*** Information supplied ***
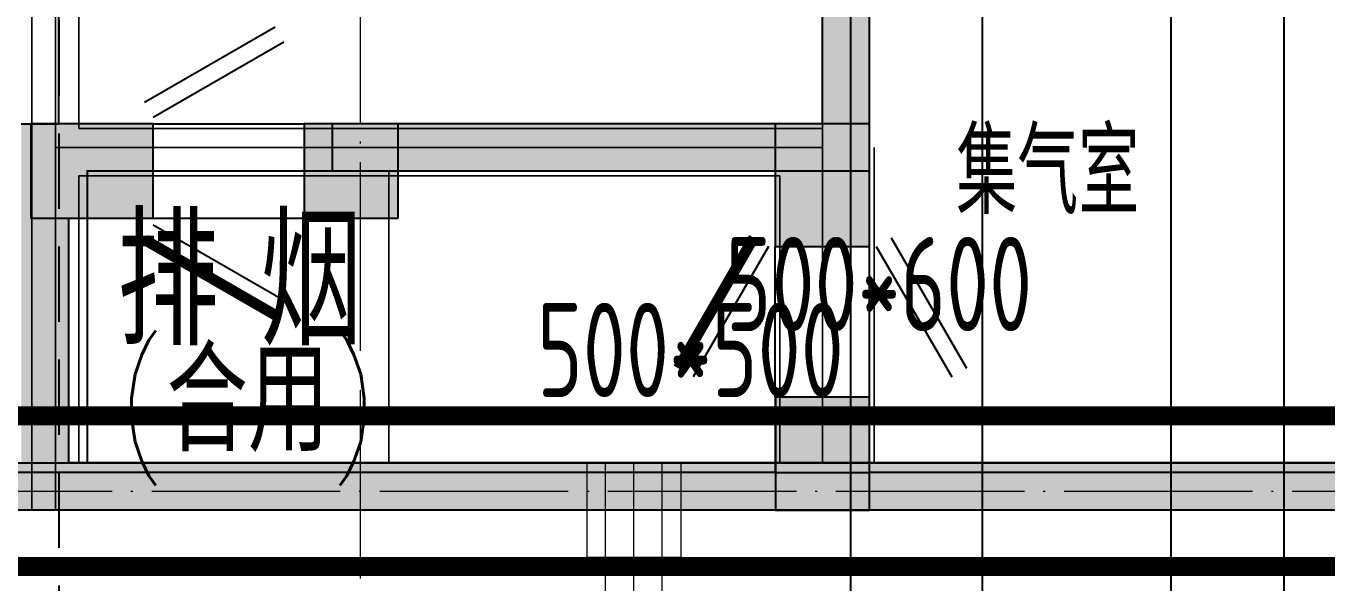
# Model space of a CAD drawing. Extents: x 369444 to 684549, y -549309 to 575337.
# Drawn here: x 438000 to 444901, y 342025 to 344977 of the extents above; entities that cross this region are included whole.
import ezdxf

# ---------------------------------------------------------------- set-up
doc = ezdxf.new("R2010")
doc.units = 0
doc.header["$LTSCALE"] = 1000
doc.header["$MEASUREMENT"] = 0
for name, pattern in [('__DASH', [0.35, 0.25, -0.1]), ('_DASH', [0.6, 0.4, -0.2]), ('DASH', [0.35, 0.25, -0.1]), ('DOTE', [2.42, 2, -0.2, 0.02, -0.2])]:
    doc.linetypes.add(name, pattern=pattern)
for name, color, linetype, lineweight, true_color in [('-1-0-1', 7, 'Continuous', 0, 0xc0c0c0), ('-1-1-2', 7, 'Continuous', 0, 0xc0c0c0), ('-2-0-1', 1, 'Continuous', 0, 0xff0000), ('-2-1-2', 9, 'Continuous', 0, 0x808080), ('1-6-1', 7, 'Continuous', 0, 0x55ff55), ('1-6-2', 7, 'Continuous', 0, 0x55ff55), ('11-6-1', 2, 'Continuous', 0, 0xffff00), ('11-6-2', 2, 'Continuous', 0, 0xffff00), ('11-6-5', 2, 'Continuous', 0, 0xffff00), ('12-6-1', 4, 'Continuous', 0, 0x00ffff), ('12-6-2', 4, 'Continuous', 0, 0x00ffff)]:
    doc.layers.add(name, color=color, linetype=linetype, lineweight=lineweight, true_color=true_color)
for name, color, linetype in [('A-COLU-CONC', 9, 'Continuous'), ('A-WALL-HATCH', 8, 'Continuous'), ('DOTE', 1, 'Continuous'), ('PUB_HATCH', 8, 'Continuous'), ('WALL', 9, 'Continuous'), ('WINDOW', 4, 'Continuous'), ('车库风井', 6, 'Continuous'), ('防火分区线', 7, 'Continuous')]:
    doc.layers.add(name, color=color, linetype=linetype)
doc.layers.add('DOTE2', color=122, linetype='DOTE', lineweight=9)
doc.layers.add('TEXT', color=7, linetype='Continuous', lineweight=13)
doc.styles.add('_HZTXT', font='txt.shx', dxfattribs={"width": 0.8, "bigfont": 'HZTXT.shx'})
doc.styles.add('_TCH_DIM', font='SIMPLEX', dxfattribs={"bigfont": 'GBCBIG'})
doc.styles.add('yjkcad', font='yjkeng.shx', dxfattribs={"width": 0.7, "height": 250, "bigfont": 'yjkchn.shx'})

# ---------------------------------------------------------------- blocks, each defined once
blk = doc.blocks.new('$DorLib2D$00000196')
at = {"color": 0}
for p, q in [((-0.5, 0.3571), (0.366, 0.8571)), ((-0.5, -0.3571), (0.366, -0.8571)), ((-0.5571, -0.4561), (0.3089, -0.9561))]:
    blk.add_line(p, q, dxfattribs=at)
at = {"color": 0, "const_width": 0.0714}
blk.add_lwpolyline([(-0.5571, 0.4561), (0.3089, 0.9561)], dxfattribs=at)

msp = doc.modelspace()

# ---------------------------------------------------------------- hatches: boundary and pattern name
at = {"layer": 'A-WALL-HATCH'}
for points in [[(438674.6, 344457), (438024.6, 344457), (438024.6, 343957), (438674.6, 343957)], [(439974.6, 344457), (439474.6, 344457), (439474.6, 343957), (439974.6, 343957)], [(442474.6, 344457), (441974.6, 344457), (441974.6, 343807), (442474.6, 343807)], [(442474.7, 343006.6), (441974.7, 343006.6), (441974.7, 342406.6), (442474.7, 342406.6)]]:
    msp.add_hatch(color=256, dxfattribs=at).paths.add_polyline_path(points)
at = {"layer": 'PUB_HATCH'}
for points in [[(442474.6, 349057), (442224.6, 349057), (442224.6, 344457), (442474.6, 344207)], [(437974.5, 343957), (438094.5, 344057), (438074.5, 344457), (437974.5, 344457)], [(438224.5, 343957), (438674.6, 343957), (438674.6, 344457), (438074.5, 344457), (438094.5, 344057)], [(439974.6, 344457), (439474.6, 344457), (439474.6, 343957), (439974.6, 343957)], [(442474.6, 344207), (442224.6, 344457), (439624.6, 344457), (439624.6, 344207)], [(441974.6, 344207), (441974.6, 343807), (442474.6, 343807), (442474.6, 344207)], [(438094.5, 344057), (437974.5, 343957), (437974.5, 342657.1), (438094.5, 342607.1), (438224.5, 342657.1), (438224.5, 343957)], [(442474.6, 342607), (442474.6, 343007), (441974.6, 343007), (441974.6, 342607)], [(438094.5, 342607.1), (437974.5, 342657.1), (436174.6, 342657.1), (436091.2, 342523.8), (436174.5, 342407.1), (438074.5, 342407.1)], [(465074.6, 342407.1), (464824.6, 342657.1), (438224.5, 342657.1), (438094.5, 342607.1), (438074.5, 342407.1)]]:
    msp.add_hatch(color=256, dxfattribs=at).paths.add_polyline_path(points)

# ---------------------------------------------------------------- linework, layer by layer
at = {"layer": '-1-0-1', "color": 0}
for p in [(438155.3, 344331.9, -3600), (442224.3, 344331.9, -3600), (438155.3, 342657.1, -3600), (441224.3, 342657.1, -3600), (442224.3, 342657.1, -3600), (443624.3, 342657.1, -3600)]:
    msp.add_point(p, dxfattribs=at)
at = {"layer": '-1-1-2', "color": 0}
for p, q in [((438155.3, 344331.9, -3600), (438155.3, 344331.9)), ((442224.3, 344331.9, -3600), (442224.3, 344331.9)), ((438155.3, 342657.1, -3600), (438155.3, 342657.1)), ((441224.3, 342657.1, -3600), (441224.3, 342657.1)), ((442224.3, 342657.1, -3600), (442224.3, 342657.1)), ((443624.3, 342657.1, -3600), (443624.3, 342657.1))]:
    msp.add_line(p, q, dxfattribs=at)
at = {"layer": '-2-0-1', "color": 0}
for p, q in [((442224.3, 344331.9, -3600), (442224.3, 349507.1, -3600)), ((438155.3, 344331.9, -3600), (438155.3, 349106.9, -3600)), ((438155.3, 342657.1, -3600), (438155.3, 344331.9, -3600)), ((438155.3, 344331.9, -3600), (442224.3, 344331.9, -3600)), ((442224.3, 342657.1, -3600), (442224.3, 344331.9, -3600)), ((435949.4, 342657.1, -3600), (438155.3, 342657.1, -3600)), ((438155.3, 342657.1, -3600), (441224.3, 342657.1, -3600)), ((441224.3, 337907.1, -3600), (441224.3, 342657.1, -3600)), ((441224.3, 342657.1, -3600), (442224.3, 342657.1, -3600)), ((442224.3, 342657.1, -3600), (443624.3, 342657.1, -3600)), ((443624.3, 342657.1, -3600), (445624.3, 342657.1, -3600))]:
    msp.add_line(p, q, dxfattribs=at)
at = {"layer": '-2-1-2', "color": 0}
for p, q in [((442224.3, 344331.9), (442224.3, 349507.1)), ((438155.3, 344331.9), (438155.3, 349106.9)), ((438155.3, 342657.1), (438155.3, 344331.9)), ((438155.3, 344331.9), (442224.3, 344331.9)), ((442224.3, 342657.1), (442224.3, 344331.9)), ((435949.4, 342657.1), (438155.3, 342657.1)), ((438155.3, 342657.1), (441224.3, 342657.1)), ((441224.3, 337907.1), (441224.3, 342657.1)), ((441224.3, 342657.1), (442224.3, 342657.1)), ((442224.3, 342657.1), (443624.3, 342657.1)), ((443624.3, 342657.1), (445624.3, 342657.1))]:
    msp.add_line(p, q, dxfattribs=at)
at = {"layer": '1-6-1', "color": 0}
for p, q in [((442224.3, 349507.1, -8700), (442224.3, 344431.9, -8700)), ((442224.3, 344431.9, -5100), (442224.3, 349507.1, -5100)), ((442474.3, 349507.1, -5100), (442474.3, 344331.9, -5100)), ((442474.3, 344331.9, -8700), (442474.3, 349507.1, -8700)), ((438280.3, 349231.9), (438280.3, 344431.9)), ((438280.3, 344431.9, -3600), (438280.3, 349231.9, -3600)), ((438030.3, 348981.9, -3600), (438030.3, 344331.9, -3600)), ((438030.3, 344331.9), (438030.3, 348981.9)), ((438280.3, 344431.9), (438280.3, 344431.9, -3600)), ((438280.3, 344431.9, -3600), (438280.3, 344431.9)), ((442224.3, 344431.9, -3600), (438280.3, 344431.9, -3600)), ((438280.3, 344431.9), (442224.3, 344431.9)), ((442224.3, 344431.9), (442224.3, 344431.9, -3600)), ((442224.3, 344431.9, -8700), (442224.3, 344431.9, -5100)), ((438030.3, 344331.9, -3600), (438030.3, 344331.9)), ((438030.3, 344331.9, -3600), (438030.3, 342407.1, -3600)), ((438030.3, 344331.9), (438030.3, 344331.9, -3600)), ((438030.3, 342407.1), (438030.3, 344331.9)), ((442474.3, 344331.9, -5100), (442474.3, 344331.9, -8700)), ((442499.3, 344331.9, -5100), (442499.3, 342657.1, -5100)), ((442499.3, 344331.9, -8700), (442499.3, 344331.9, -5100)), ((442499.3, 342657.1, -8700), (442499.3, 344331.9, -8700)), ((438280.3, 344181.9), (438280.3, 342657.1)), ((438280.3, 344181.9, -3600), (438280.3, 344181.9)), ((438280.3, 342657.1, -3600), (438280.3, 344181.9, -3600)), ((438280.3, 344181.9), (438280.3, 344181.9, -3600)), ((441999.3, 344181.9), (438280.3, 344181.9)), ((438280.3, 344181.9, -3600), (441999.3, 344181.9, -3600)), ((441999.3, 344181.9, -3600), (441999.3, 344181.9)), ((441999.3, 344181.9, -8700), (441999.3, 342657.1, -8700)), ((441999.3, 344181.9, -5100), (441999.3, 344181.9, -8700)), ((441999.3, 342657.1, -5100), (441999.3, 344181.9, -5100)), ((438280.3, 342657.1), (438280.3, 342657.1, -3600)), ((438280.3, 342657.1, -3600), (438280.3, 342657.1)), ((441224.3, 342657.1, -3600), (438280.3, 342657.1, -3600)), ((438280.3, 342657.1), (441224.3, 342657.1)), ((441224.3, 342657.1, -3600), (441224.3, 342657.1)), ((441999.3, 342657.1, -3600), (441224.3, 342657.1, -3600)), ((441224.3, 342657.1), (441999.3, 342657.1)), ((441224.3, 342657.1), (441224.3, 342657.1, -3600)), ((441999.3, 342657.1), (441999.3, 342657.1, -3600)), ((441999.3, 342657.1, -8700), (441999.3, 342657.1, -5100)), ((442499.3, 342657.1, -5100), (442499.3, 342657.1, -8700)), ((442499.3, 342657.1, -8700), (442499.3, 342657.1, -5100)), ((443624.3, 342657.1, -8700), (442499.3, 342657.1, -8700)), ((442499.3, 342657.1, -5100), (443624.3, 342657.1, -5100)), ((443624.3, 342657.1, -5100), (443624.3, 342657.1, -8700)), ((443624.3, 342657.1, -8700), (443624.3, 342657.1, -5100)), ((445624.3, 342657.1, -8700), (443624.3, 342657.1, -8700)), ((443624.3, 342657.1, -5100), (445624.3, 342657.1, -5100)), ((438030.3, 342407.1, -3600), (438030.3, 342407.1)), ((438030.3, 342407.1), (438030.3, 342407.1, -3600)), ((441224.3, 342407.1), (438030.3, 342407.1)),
***
- _Problem details_: For each line above that includes "blocks", copy the line.

- _Output below_:
# ---------------------------------------------------------------- blocks, each defined once
blk = doc.blocks.new('$DorLib2D$00000196')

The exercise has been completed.